Ce temps de l’oubli fut peut-être aussi l’âge des rencontres merveilleuses, avec la science-fiction, dernière terre d’accueil de ces chercheurs non-savants. Et paradoxalement, si ces hommes ont été bannis de la science, c’est bien elle qui est devenue le nouvel espace de leurs pérégrinations comme en témoignent les voyages au sein des espaces intersidéraux, des replis invisibles du corps humain, des mondes oubliés qui remplissent les œuvres de science-fiction. L’encyclopédie des sciences, solennelle et réservée, est à présent le nouveau labyrinthe de la recherche fabuleuse. Les anciens explorateurs, tournant en dérision la mine sérieuse du savant, préoccupé par ses crédits et soucieux de résultats rapides, ont fait de son savoir un nouveau terrain d’aventure, une bibliothèque fantastique.
Je vous propose donc de feuilleter un nouveau rayon de cette bibliothèque fantastique. Non pas tant pour les lire comme de la littérature de divertissement mais plutôt pour y voir une configuration singulière de notre culture.

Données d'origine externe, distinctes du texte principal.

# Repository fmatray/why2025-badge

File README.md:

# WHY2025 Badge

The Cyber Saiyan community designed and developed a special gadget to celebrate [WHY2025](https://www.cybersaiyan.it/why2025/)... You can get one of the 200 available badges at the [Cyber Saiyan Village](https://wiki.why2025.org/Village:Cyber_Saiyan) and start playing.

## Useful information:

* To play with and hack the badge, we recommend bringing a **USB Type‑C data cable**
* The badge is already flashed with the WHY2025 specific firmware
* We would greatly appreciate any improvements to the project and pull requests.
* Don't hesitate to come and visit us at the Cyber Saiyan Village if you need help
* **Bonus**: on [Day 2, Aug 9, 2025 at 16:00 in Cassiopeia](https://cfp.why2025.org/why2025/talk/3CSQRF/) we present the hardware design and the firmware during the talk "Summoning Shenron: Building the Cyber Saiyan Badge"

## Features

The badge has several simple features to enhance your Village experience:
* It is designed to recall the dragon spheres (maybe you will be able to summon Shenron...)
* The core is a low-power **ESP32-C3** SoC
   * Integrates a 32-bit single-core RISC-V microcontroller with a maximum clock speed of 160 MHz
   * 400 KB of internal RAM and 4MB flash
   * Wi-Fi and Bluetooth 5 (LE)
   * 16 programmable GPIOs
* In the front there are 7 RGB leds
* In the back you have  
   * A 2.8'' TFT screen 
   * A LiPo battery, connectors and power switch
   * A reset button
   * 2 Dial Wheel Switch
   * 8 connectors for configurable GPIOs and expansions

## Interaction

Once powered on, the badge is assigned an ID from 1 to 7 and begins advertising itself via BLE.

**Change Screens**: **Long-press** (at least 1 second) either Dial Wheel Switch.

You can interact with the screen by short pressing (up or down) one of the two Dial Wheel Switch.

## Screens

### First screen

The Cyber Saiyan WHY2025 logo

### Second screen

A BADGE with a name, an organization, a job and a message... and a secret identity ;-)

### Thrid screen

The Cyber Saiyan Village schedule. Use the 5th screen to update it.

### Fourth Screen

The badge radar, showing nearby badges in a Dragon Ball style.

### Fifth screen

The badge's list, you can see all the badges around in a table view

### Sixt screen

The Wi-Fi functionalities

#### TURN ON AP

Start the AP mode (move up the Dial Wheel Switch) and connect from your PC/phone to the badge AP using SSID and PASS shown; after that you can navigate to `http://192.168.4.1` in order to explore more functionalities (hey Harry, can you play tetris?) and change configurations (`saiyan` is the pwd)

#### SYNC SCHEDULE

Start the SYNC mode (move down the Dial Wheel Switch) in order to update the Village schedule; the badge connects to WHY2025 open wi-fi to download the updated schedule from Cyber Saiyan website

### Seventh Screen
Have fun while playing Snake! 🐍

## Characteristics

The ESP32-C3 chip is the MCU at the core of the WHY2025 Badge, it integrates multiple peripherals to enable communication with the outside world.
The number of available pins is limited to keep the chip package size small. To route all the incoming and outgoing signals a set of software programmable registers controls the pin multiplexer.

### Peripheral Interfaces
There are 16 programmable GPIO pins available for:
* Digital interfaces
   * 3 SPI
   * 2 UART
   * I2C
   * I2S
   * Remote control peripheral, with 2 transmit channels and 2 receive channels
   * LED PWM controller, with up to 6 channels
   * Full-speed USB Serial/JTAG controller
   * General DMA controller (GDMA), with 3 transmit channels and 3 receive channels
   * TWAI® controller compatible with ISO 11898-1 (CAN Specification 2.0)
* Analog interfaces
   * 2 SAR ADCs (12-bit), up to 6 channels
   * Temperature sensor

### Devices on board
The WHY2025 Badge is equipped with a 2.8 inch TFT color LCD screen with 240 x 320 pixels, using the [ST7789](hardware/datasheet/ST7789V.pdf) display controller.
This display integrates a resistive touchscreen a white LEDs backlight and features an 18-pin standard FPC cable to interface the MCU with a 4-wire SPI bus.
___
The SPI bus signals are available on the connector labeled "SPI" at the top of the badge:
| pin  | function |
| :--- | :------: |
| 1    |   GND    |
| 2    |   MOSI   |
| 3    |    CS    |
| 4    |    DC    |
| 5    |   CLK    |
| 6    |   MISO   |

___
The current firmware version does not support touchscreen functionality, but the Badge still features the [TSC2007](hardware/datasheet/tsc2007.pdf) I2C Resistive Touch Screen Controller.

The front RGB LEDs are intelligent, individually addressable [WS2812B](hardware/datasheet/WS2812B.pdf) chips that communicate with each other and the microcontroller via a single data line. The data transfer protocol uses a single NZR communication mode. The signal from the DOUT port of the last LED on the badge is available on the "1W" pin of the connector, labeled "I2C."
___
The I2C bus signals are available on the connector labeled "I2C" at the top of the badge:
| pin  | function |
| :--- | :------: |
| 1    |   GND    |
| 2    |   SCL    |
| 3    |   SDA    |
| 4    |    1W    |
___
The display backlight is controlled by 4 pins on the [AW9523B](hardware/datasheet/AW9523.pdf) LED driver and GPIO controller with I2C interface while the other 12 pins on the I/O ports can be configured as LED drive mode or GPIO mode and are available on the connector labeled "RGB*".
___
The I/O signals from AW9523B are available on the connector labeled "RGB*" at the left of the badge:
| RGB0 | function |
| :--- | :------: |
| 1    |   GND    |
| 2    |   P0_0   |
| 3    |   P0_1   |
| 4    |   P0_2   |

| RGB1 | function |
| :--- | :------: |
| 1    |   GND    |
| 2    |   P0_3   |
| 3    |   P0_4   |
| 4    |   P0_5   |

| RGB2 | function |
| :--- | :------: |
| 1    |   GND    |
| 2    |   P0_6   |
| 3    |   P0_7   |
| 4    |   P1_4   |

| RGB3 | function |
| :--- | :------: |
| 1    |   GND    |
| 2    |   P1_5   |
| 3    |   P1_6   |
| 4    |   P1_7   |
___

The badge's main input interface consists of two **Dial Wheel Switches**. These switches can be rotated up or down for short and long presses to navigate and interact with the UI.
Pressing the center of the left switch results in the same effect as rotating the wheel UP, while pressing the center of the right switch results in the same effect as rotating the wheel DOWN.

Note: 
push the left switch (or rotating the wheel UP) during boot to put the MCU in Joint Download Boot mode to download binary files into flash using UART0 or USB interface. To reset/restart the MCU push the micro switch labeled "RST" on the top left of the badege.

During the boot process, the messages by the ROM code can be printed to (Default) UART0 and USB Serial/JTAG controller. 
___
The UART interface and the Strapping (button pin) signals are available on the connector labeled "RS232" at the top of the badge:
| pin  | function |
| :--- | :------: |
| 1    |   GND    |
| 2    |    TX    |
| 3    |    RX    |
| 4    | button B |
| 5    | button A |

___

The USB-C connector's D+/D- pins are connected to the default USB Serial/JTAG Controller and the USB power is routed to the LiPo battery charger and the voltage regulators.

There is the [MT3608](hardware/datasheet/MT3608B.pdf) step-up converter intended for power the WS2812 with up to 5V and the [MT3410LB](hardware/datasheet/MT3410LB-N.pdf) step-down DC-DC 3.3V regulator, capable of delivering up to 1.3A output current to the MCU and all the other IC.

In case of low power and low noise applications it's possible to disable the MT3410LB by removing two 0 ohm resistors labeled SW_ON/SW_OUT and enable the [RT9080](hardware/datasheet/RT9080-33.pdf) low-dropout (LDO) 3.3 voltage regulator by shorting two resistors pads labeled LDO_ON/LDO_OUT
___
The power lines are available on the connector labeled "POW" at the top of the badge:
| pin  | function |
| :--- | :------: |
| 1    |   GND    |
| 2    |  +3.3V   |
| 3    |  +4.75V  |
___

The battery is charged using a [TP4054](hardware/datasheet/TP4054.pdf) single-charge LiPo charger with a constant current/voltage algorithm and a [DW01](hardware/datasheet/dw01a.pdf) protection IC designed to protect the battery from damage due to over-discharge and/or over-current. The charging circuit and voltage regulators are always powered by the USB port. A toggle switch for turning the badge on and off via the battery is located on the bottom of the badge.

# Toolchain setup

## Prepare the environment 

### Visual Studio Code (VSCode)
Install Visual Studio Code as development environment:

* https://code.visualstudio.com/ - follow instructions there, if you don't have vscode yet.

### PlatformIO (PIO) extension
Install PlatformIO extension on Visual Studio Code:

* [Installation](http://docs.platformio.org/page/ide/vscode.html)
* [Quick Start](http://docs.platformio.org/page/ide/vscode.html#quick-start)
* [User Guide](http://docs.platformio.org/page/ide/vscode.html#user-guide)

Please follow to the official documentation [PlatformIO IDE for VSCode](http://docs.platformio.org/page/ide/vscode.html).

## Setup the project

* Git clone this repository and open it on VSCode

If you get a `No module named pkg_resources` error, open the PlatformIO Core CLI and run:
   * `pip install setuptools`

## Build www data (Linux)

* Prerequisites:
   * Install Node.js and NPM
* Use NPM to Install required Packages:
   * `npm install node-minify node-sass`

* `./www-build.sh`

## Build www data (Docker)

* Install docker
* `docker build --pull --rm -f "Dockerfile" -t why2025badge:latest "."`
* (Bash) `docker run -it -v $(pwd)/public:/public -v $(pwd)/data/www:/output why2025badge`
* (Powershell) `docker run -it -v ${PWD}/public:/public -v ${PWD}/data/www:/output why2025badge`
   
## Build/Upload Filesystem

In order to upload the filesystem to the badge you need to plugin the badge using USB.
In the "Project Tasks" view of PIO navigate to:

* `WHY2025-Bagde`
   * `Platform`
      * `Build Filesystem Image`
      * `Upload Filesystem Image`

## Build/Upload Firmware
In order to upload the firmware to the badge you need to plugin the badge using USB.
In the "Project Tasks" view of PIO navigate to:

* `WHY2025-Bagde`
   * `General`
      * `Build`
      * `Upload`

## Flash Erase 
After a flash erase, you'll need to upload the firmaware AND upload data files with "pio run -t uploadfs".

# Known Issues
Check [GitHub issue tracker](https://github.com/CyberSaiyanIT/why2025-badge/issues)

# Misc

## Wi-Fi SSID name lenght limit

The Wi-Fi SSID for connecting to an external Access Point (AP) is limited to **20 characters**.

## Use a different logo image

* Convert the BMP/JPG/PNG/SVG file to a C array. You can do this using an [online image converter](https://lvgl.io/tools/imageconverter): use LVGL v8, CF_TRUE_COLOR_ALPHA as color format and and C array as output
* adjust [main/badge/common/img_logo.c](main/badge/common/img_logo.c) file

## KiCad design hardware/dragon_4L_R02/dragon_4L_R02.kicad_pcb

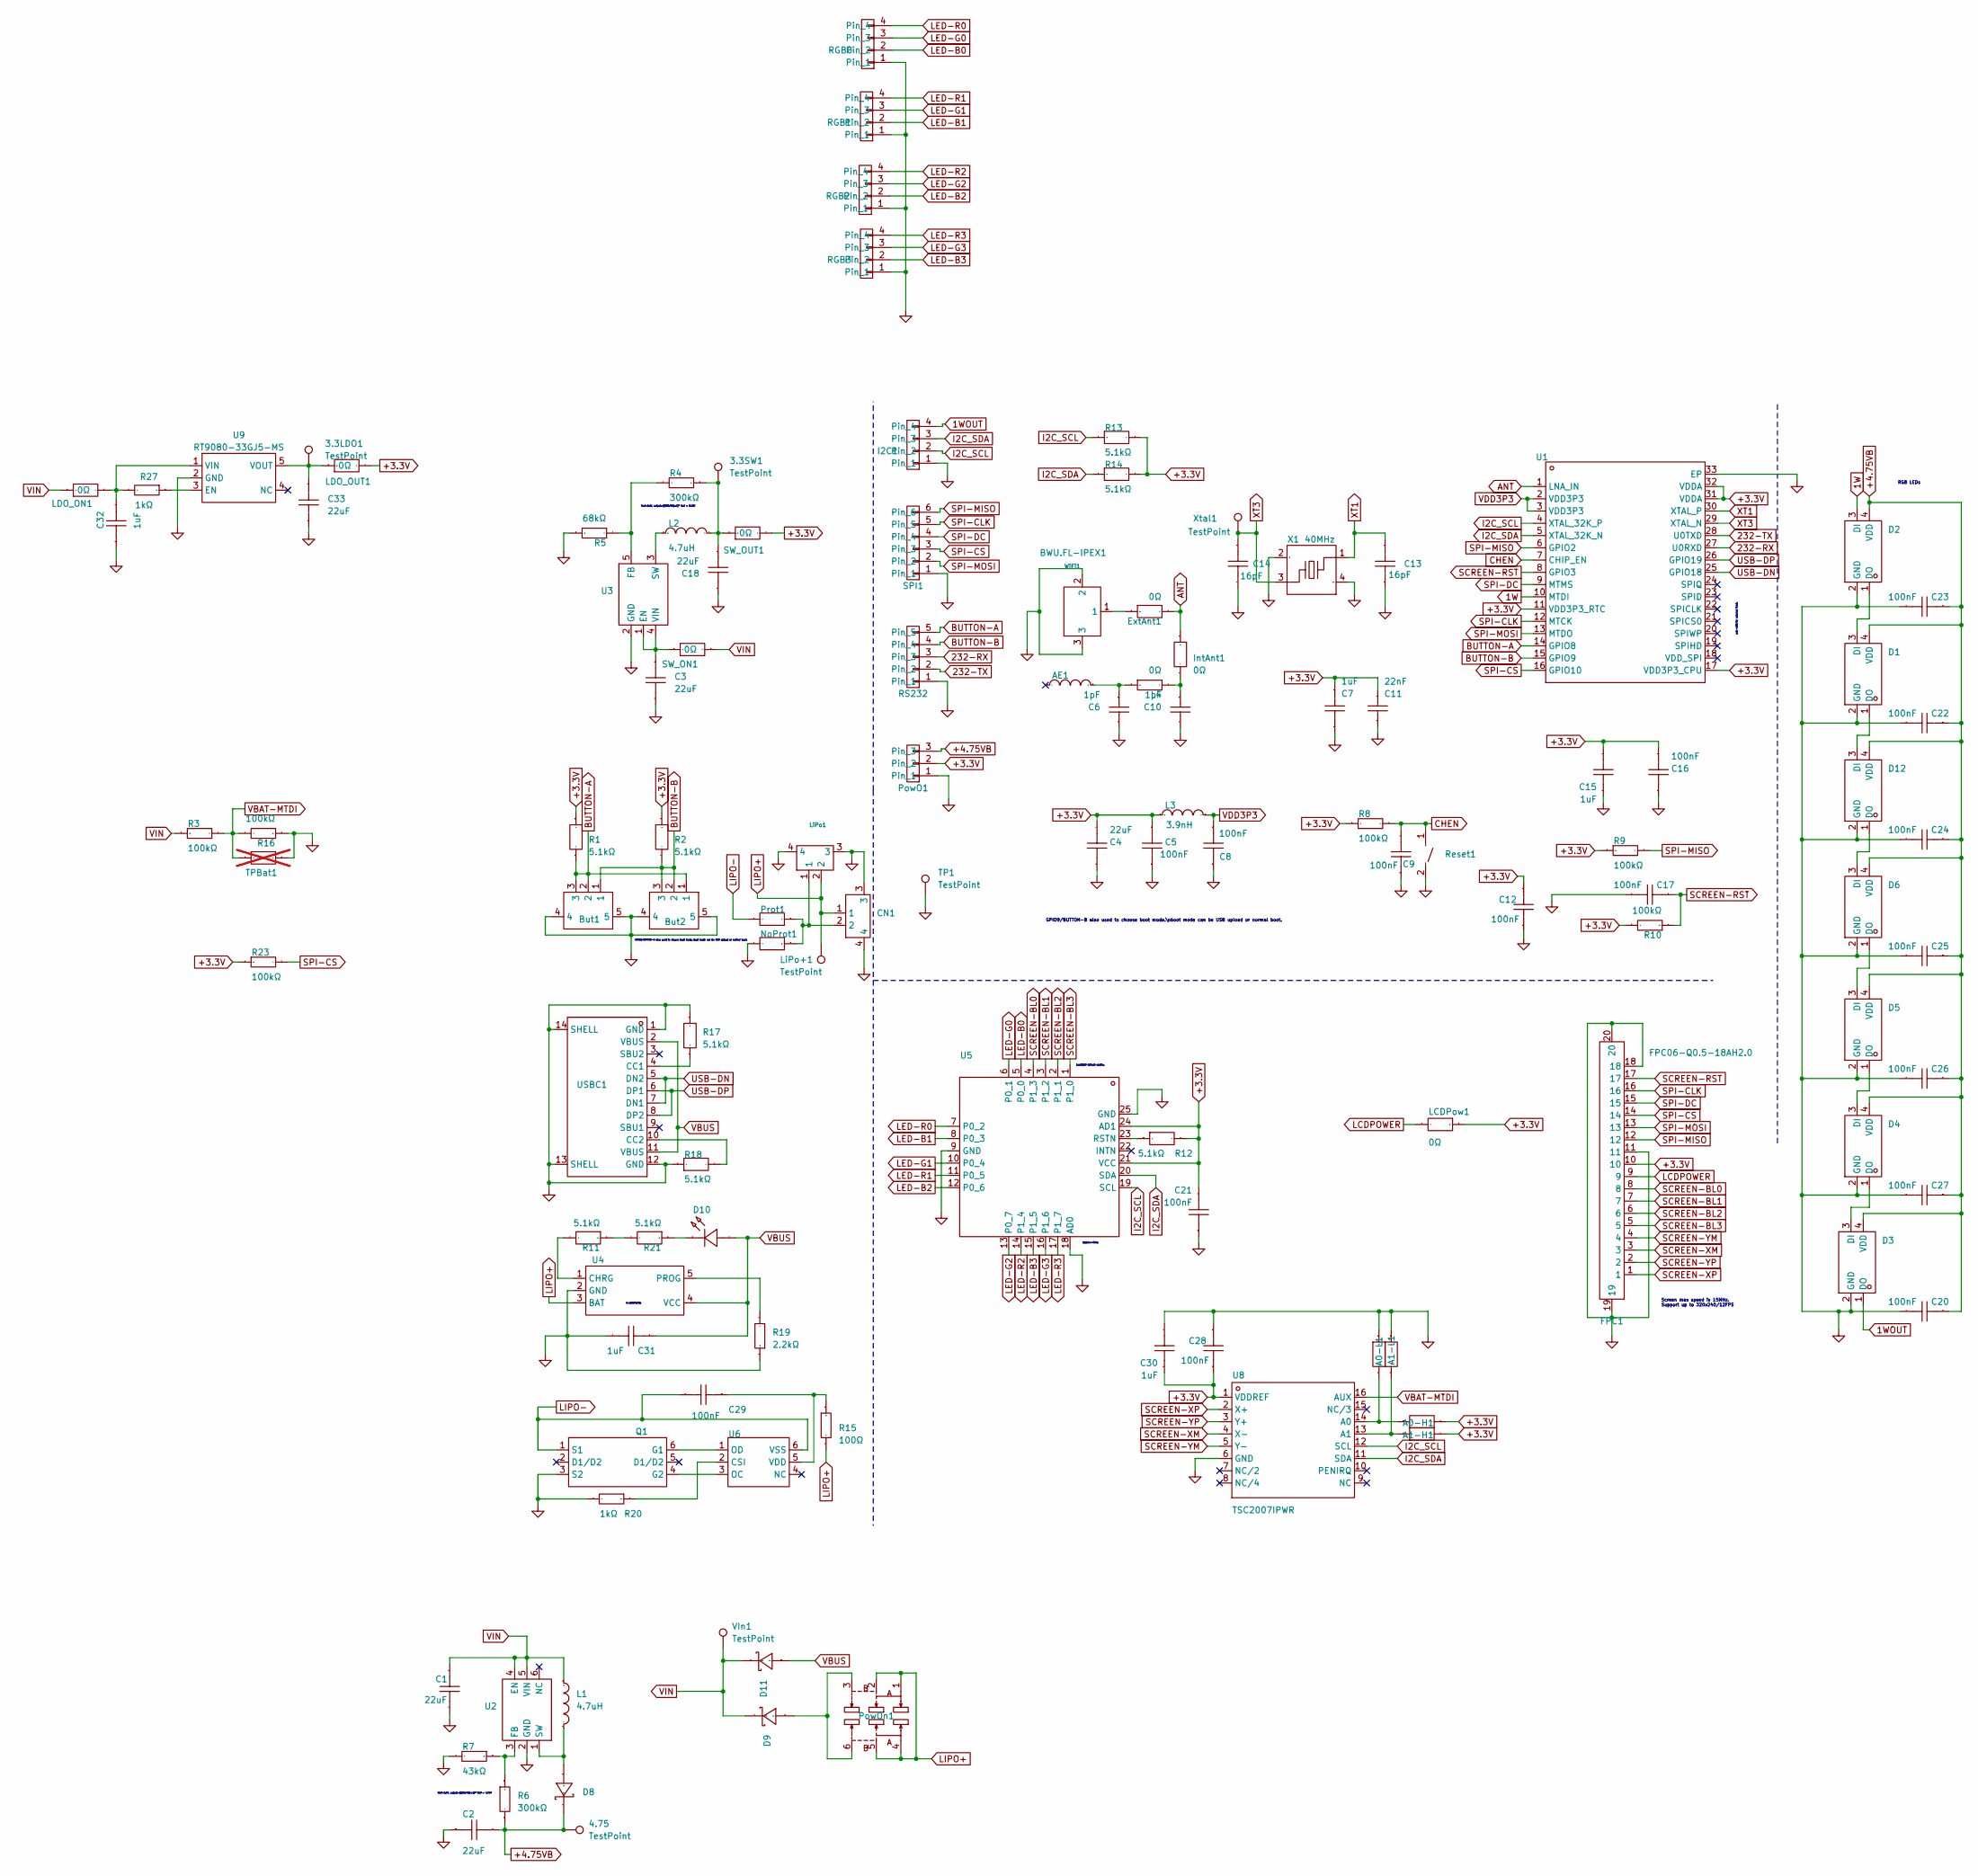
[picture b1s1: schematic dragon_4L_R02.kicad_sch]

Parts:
3.3LDO1, 3.3SW1, 4.75: TestPoint; TestPoint_Pad_D1.5mm
A0-H1, A0-L1, A1-H1, A1-L1: 0Ω; R0805; Manufacturer Part FRC0805P000 TS; LCSC Part Name 0Ω ±5% 125mW 厚膜电阻
AE1: AN9520-245; ANT-SMD_L9.5-W2.1; Manufacturer Part AN9520-245; LCSC Part Name AN9520-245
But1, But2: QS-301-AGS5P; SW-SMD_QS-301-AGS5P; Manufacturer Part QS-301-AGS5P; LCSC Part Name 三脚 大头拨轮多功能开关 MP3/MP4换曲按键
C1, C2, C3, C4, C18, C33: 22uF; C0603; Manufacturer Part CL10A226MQ8NRNC; LCSC Part Name 22uF ±20% 6.3V
C5, C8, C9, C12, C16, C17, C20, C21, C22, C23, C24, C25, C26, C27, C28, C29: 100nF; C0603; Manufacturer Part FCC0603B104K500CT; LCSC Part Name 100nF ±10% 50V
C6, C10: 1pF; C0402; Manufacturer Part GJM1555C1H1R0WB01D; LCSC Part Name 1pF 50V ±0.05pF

La science-fiction n’est pas simplement un genre littéraire où des contenus scientifiques sont utilisés comme matière d’un récit, elle constitue le point précis où la science communique avec toutes les autres strates culturelles qui lui sont extérieures : Art, Morale, Politique… En ce sens, la science-fiction fait partie de la science elle-même, elle y a sa place au même titre que la Mécanique Quantique ou la Théorie de l’Évolution, bien qu’elle n’y joue pas la même fonction.